Given number of inheritors, donor sperm carries risk of genetic harm

In households across the country, children conceived with donated sperm are struggling with serious genetic conditions inherited from men they have never met: heart defects, spinal muscular atrophy, neurofibromatosis type 1 and fragile-X syndrome the most common form of mental retardation in boys and others.

Donated eggs pose a risk as well, but the threat of genetic harm from sperm donation is arguably much greater. Sperm donors are no more likely to carry genetic diseases than anybody else, but they can father a far greater number of children: 50, 100 or even 150, each a potential inheritor of flawed genes.

Sharine and Brian Kretchmar of Yukon, Okla., tried a number of medical treatments to conceive a second child.

After a depressing series of failures, they were advised by a doctor to find a sperm donor. For more than a year, the Kretchmars researched sperm banks and donors. The donor they chose was a family man, a Christian like them, they were told. Most important, he had a clean bill of health. So the Kretchmars jumped in. After artificial insemination, Sharine Kretchmar became pregnant, and in April 2010, she gave birth to a boy they named Jaxon.

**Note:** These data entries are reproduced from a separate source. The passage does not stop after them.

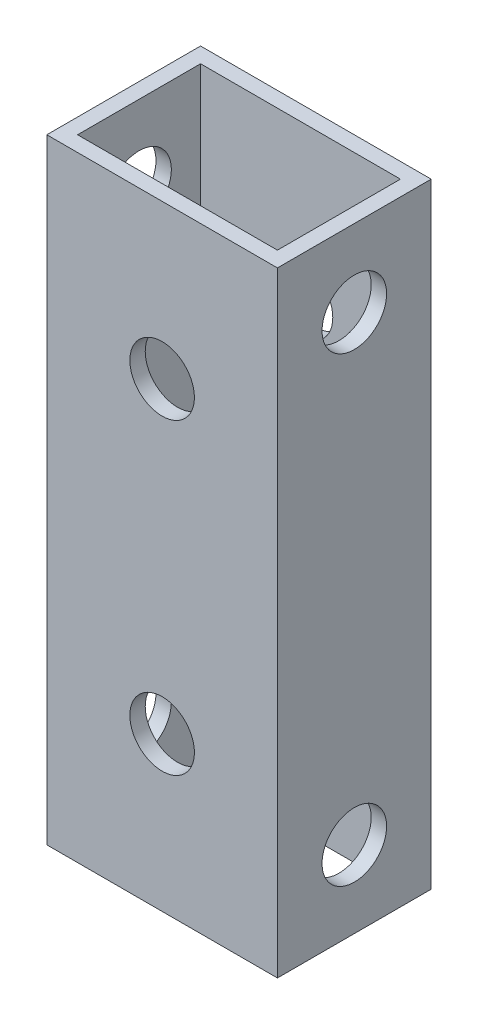
ISO-10303-21;
HEADER;
FILE_DESCRIPTION(('STEP AP214'),'2;1');
FILE_NAME('part.step','',(''),(''),'','','');
FILE_SCHEMA(('AUTOMOTIVE_DESIGN { 1 0 10303 214 1 1 1 1 }'));
ENDSEC;
DATA;
#1=APPLICATION_CONTEXT('core data for automotive mechanical design processes');
#2=APPLICATION_PROTOCOL_DEFINITION('international standard','automotive_design',2000,#1);
#3=PRODUCT_CONTEXT('',#1,'mechanical');
#4=PRODUCT('Part','Part','',(#3));
#5=PRODUCT_RELATED_PRODUCT_CATEGORY('part','',(#4));
#6=PRODUCT_DEFINITION_FORMATION('','',#4);
#7=PRODUCT_DEFINITION_CONTEXT('part definition',#1,'design');
#8=PRODUCT_DEFINITION('design','',#6,#7);
#9=PRODUCT_DEFINITION_SHAPE('','',#8);
#10=(LENGTH_UNIT() NAMED_UNIT(*) SI_UNIT(.MILLI.,.METRE.));
#11=(NAMED_UNIT(*) PLANE_ANGLE_UNIT() SI_UNIT($,.RADIAN.));
#12=(NAMED_UNIT(*) SI_UNIT($,.STERADIAN.) SOLID_ANGLE_UNIT());
#13=UNCERTAINTY_MEASURE_WITH_UNIT(LENGTH_MEASURE(1.E-05),#10,'distance_accuracy_value','');
#14=(GEOMETRIC_REPRESENTATION_CONTEXT(3) GLOBAL_UNCERTAINTY_ASSIGNED_CONTEXT((#13)) GLOBAL_UNIT_ASSIGNED_CONTEXT((#10,
#11,#12)) REPRESENTATION_CONTEXT('',''));
#15=CARTESIAN_POINT('',(0.,0.,0.));
#16=DIRECTION('',(0.,0.,1.));
#17=DIRECTION('',(1.,0.,0.));
#18=AXIS2_PLACEMENT_3D('',#15,#16,#17);
#19=CARTESIAN_POINT('',(0.,40.,0.));
#20=DIRECTION('',(0.,1.,0.));
#21=DIRECTION('',(0.,0.,1.));
#22=AXIS2_PLACEMENT_3D('',#19,#20,#21);
#23=PLANE('',#22);
#24=DIRECTION('',(0.,0.,-1.));
#25=VECTOR('',#24,1.);
#26=CARTESIAN_POINT('',(7.5,40.,-5.));
#27=LINE('',#26,#25);
#28=CARTESIAN_POINT('',(7.5,40.,5.));
#29=VERTEX_POINT('',#28);
#30=CARTESIAN_POINT('',(7.5,40.,-5.));
#31=VERTEX_POINT('',#30);
#32=EDGE_CURVE('E164',#29,#31,#27,.T.);
#33=ORIENTED_EDGE('',*,*,#32,.T.);
#34=DIRECTION('',(-1.,0.,0.));
#35=VECTOR('',#34,1.);
#36=CARTESIAN_POINT('',(-7.5,40.,-5.));
#37=LINE('',#36,#35);
#38=CARTESIAN_POINT('',(-7.5,40.,-5.));
#39=VERTEX_POINT('',#38);
#40=EDGE_CURVE('E167',#31,#39,#37,.T.);
#41=ORIENTED_EDGE('',*,*,#40,.T.);
#42=DIRECTION('',(0.,0.,1.));
#43=VECTOR('',#42,1.);
#44=CARTESIAN_POINT('',(-7.5,40.,-5.));
#45=LINE('',#44,#43);
#46=CARTESIAN_POINT('',(-7.5,40.,5.));
#47=VERTEX_POINT('',#46);
#48=EDGE_CURVE('E170',#39,#47,#45,.T.);
#49=ORIENTED_EDGE('',*,*,#48,.T.);
#50=DIRECTION('',(1.,0.,0.));
#51=VECTOR('',#50,1.);
#52=CARTESIAN_POINT('',(-7.5,40.,5.));
#53=LINE('',#52,#51);
#54=EDGE_CURVE('E172',#47,#29,#53,.T.);
#55=ORIENTED_EDGE('',*,*,#54,.T.);
#56=EDGE_LOOP('',(#33,#41,#49,#55));
#57=FACE_BOUND('',#56,.T.);
#58=DIRECTION('',(-1.,0.,0.));
#59=VECTOR('',#58,1.);
#60=CARTESIAN_POINT('',(-7.5,40.,-4.));
#61=LINE('',#60,#59);
#62=CARTESIAN_POINT('',(6.5,40.,-4.));
#63=VERTEX_POINT('',#62);
#64=CARTESIAN_POINT('',(-6.5,40.,-4.));
#65=VERTEX_POINT('',#64);
#66=EDGE_CURVE('E134',#63,#65,#61,.T.);
#67=ORIENTED_EDGE('',*,*,#66,.F.);
#68=DIRECTION('',(0.,0.,-1.));
#69=VECTOR('',#68,1.);
#70=CARTESIAN_POINT('',(6.5,40.,-5.));
#71=LINE('',#70,#69);
#72=CARTESIAN_POINT('',(6.5,40.,4.));
#73=VERTEX_POINT('',#72);
#74=EDGE_CURVE('E126',#73,#63,#71,.T.);
#75=ORIENTED_EDGE('',*,*,#74,.F.);
#76=DIRECTION('',(1.,0.,0.));
#77=VECTOR('',#76,1.);
#78=CARTESIAN_POINT('',(-7.5,40.,4.));
#79=LINE('',#78,#77);
#80=CARTESIAN_POINT('',(-6.5,40.,4.));
#81=VERTEX_POINT('',#80);
#82=EDGE_CURVE('E148',#81,#73,#79,.T.);
#83=ORIENTED_EDGE('',*,*,#82,.F.);
#84=DIRECTION('',(0.,0.,1.));
#85=VECTOR('',#84,1.);
#86=CARTESIAN_POINT('',(-6.5,40.,-5.));
#87=LINE('',#86,#85);
#88=EDGE_CURVE('E146',#65,#81,#87,.T.);
#89=ORIENTED_EDGE('',*,*,#88,.F.);
#90=EDGE_LOOP('',(#67,#75,#83,#89));
#91=FACE_BOUND('',#90,.T.);
#92=ADVANCED_FACE('F59',(#57,#91),#23,.T.);
#93=CARTESIAN_POINT('',(0.,0.,0.));
#94=DIRECTION('',(0.,1.,0.));
#95=DIRECTION('',(0.,0.,1.));
#96=AXIS2_PLACEMENT_3D('',#93,#94,#95);
#97=PLANE('',#96);
#98=DIRECTION('',(0.,0.,-1.));
#99=VECTOR('',#98,1.);
#100=CARTESIAN_POINT('',(7.5,0.,-5.));
#101=LINE('',#100,#99);
#102=CARTESIAN_POINT('',(7.5,0.,5.));
#103=VERTEX_POINT('',#102);
#104=CARTESIAN_POINT('',(7.5,0.,-5.));
#105=VERTEX_POINT('',#104);
#106=EDGE_CURVE('E142',#103,#105,#101,.T.);
#107=ORIENTED_EDGE('',*,*,#106,.F.);
#108=DIRECTION('',(1.,0.,0.));
#109=VECTOR('',#108,1.);
#110=CARTESIAN_POINT('',(-7.5,0.,5.));
#111=LINE('',#110,#109);
#112=CARTESIAN_POINT('',(-7.5,0.,5.));
#113=VERTEX_POINT('',#112);
#114=EDGE_CURVE('E168',#113,#103,#111,.T.);
#115=ORIENTED_EDGE('',*,*,#114,.F.);
#116=DIRECTION('',(0.,0.,1.));
#117=VECTOR('',#116,1.);
#118=CARTESIAN_POINT('',(-7.5,0.,-5.));
#119=LINE('',#118,#117);
#120=CARTESIAN_POINT('',(-7.5,0.,-5.));
#121=VERTEX_POINT('',#120);
#122=EDGE_CURVE('E179',#121,#113,#119,.T.);
#123=ORIENTED_EDGE('',*,*,#122,.F.);
#124=DIRECTION('',(-1.,0.,0.));
#125=VECTOR('',#124,1.);
#126=CARTESIAN_POINT('',(-7.5,0.,-5.));
#127=LINE('',#126,#125);
#128=EDGE_CURVE('E177',#105,#121,#127,.T.);
#129=ORIENTED_EDGE('',*,*,#128,.F.);
#130=EDGE_LOOP('',(#107,#115,#123,#129));
#131=FACE_BOUND('',#130,.T.);
#132=DIRECTION('',(0.,0.,-1.));
#133=VECTOR('',#132,1.);
#134=CARTESIAN_POINT('',(6.5,0.,-5.));
#135=LINE('',#134,#133);
#136=CARTESIAN_POINT('',(6.5,0.,4.));
#137=VERTEX_POINT('',#136);
#138=CARTESIAN_POINT('',(6.5,0.,-4.));
#139=VERTEX_POINT('',#138);
#140=EDGE_CURVE('E84',#137,#139,#135,.T.);
#141=ORIENTED_EDGE('',*,*,#140,.T.);
#142=DIRECTION('',(-1.,0.,0.));
#143=VECTOR('',#142,1.);
#144=CARTESIAN_POINT('',(-7.5,0.,-4.));
#145=LINE('',#144,#143);
#146=CARTESIAN_POINT('',(-6.5,0.,-4.));
#147=VERTEX_POINT('',#146);
#148=EDGE_CURVE('E141',#139,#147,#145,.T.);
#149=ORIENTED_EDGE('',*,*,#148,.T.);
#150=DIRECTION('',(0.,0.,1.));
#151=VECTOR('',#150,1.);
#152=CARTESIAN_POINT('',(-6.5,0.,-5.));
#153=LINE('',#152,#151);
#154=CARTESIAN_POINT('',(-6.5,0.,4.));
#155=VERTEX_POINT('',#154);
#156=EDGE_CURVE('E156',#147,#155,#153,.T.);
#157=ORIENTED_EDGE('',*,*,#156,.T.);
#158=DIRECTION('',(1.,0.,0.));
#159=VECTOR('',#158,1.);
#160=CARTESIAN_POINT('',(-7.5,0.,4.));
#161=LINE('',#160,#159);
#162=EDGE_CURVE('E135',#155,#137,#161,.T.);
#163=ORIENTED_EDGE('',*,*,#162,.T.);
#164=EDGE_LOOP('',(#141,#149,#157,#163));
#165=FACE_BOUND('',#164,.T.);
#166=ADVANCED_FACE('F256',(#131,#165),#97,.F.);
#167=CARTESIAN_POINT('',(7.5,40.,-5.));
#168=DIRECTION('',(-1.,0.,0.));
#169=DIRECTION('',(0.,0.,1.));
#170=AXIS2_PLACEMENT_3D('',#167,#168,#169);
#171=PLANE('',#170);
#172=CARTESIAN_POINT('',(7.5,35.,0.));
#173=DIRECTION('',(1.,0.,0.));
#174=DIRECTION('',(0.,0.,-1.));
#175=AXIS2_PLACEMENT_3D('',#172,#173,#174);
#176=CIRCLE('',#175,2.1);
#177=CARTESIAN_POINT('',(7.5,35.,-2.1));
#178=VERTEX_POINT('',#177);
#179=EDGE_CURVE('E224',#178,#178,#176,.T.);
#180=ORIENTED_EDGE('',*,*,#179,.F.);
#181=EDGE_LOOP('',(#180));
#182=FACE_BOUND('',#181,.T.);
#183=CARTESIAN_POINT('',(7.5,5.,0.));
#184=DIRECTION('',(1.,0.,0.));
#185=DIRECTION('',(0.,0.,1.));
#186=AXIS2_PLACEMENT_3D('',#183,#184,#185);
#187=CIRCLE('',#186,2.1);
#188=CARTESIAN_POINT('',(7.5,5.,-2.1));
#189=VERTEX_POINT('',#188);
#190=EDGE_CURVE('E221',#189,#189,#187,.T.);
#191=ORIENTED_EDGE('',*,*,#190,.F.);
#192=EDGE_LOOP('',(#191));
#193=FACE_BOUND('',#192,.T.);
#194=ORIENTED_EDGE('',*,*,#106,.T.);
#195=DIRECTION('',(0.,-1.,0.));
#196=VECTOR('',#195,1.);
#197=CARTESIAN_POINT('',(7.5,40.,-5.));
#198=LINE('',#197,#196);
#199=EDGE_CURVE('E12',#31,#105,#198,.T.);
#200=ORIENTED_EDGE('',*,*,#199,.F.);
#201=ORIENTED_EDGE('',*,*,#32,.F.);
#202=DIRECTION('',(0.,-1.,0.));
#203=VECTOR('',#202,1.);
#204=CARTESIAN_POINT('',(7.5,40.,5.));
#205=LINE('',#204,#203);
#206=EDGE_CURVE('E174',#29,#103,#205,.T.);
#207=ORIENTED_EDGE('',*,*,#206,.T.);
#208=EDGE_LOOP('',(#194,#200,#201,#207));
#209=FACE_BOUND('',#208,.T.);
#210=ADVANCED_FACE('F61',(#182,#193,#209),#171,.F.);
#211=CARTESIAN_POINT('',(-7.5,40.,-5.));
#212=DIRECTION('',(0.,0.,1.));
#213=DIRECTION('',(1.,0.,0.));
#214=AXIS2_PLACEMENT_3D('',#211,#212,#213);
#215=PLANE('',#214);
#216=CARTESIAN_POINT('',(0.,30.,-5.));
#217=DIRECTION('',(0.,0.,1.));
#218=DIRECTION('',(1.,0.,0.));
#219=AXIS2_PLACEMENT_3D('',#216,#217,#218);
#220=CIRCLE('',#219,2.1);
#221=CARTESIAN_POINT('',(2.1,30.,-5.));
#222=VERTEX_POINT('',#221);
#223=EDGE_CURVE('E199',#222,#222,#220,.T.);
#224=ORIENTED_EDGE('',*,*,#223,.T.);
#225=EDGE_LOOP('',(#224));
#226=FACE_BOUND('',#225,.T.);
#227=CARTESIAN_POINT('',(0.,10.,-5.));
#228=DIRECTION('',(0.,0.,1.));
#229=DIRECTION('',(-1.,0.,0.));
#230=AXIS2_PLACEMENT_3D('',#227,#228,#229);
#231=CIRCLE('',#230,2.1);
#232=CARTESIAN_POINT('',(-2.1,10.,-5.));
#233=VERTEX_POINT('',#232);
#234=EDGE_CURVE('E210',#233,#233,#231,.T.);
#235=ORIENTED_EDGE('',*,*,#234,.T.);
#236=EDGE_LOOP('',(#235));
#237=FACE_BOUND('',#236,.T.);
#238=ORIENTED_EDGE('',*,*,#128,.T.);
#239=DIRECTION('',(0.,-1.,0.));
#240=VECTOR('',#239,1.);
#241=CARTESIAN_POINT('',(-7.5,40.,-5.));
#242=LINE('',#241,#240);
#243=EDGE_CURVE('E68',#39,#121,#242,.T.);
#244=ORIENTED_EDGE('',*,*,#243,.F.);
#245=ORIENTED_EDGE('',*,*,#40,.F.);
#246=ORIENTED_EDGE('',*,*,#199,.T.);
#247=EDGE_LOOP('',(#238,#244,#245,#246));
#248=FACE_BOUND('',#247,.T.);
#249=ADVANCED_FACE('F255',(#226,#237,#248),#215,.F.);
#250=CARTESIAN_POINT('',(-7.5,40.,-5.));
#251=DIRECTION('',(1.,0.,0.));
#252=DIRECTION('',(0.,0.,-1.));
#253=AXIS2_PLACEMENT_3D('',#250,#251,#252);
#254=PLANE('',#253);
#255=CARTESIAN_POINT('',(-7.5,35.,0.));
#256=DIRECTION('',(1.,0.,0.));
#257=DIRECTION('',(0.,0.,-1.));
#258=AXIS2_PLACEMENT_3D('',#255,#256,#257);
#259=CIRCLE('',#258,2.1);
#260=CARTESIAN_POINT('',(-7.5,35.,-2.1));
#261=VERTEX_POINT('',#260);
#262=EDGE_CURVE('E193',#261,#261,#259,.T.);
#263=ORIENTED_EDGE('',*,*,#262,.T.);
#264=EDGE_LOOP('',(#263));
#265=FACE_BOUND('',#264,.T.);
#266=CARTESIAN_POINT('',(-7.5,5.,0.));
#267=DIRECTION('',(1.,0.,0.));
#268=DIRECTION('',(0.,0.,1.));
#269=AXIS2_PLACEMENT_3D('',#266,#267,#268);
#270=CIRCLE('',#269,2.1);
#271=CARTESIAN_POINT('',(-7.5,5.,-2.1));
#272=VERTEX_POINT('',#271);
#273=EDGE_CURVE('E227',#272,#272,#270,.T.);
#274=ORIENTED_EDGE('',*,*,#273,.T.);
#275=EDGE_LOOP('',(#274));
#276=FACE_BOUND('',#275,.T.);
#277=ORIENTED_EDGE('',*,*,#122,.T.);
#278=DIRECTION('',(0.,-1.,0.));
#279=VECTOR('',#278,1.);
#280=CARTESIAN_POINT('',(-7.5,40.,5.));
#281=LINE('',#280,#279);
#282=EDGE_CURVE('E184',#47,#113,#281,.T.);
#283=ORIENTED_EDGE('',*,*,#282,.F.);
#284=ORIENTED_EDGE('',*,*,#48,.F.);
#285=ORIENTED_EDGE('',*,*,#243,.T.);
#286=EDGE_LOOP('',(#277,#283,#284,#285));
#287=FACE_BOUND('',#286,.T.);
#288=ADVANCED_FACE('F274',(#265,#276,#287),#254,.F.);
#289=CARTESIAN_POINT('',(-7.5,40.,5.));
#290=DIRECTION('',(0.,0.,-1.));
#291=DIRECTION('',(-1.,0.,0.));
#292=AXIS2_PLACEMENT_3D('',#289,#290,#291);
#293=PLANE('',#292);
#294=CARTESIAN_POINT('',(0.,30.,5.));
#295=DIRECTION('',(0.,0.,1.));
#296=DIRECTION('',(1.,0.,0.));
#297=AXIS2_PLACEMENT_3D('',#294,#295,#296);
#298=CIRCLE('',#297,2.1);
#299=CARTESIAN_POINT('',(2.1,30.,5.));
#300=VERTEX_POINT('',#299);
#301=EDGE_CURVE('E205',#300,#300,#298,.T.);
#302=ORIENTED_EDGE('',*,*,#301,.F.);
#303=EDGE_LOOP('',(#302));
#304=FACE_BOUND('',#303,.T.);
#305=CARTESIAN_POINT('',(0.,10.,5.));
#306=DIRECTION('',(0.,0.,1.));
#307=DIRECTION('',(-1.,0.,0.));
#308=AXIS2_PLACEMENT_3D('',#305,#306,#307);
#309=CIRCLE('',#308,2.1);
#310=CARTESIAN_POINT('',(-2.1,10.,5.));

But the baby failed to have a bowel movement in the first day or so after birth, a sign to doctors that something was wrong. Doctors returned with terrible news: Jaxon appeared to have cystic fibrosis.

"We were pretty much devastated," Sharine Kretchmar said.

Genetic testing showed that Jaxon did carry the genes for cystic fibrosis. Sharine Kretchmar, 33, had no idea she was a carrier and was shocked to discover that so, too, was the Kretchmars' donor.

His sperm, they would discover, was decades old, originally donated at a laboratory halfway across the country and frozen ever since. Whether it was properly tested is a matter of dispute.

Experience not unique

Sadly, the Kretchmars' experience is not unique.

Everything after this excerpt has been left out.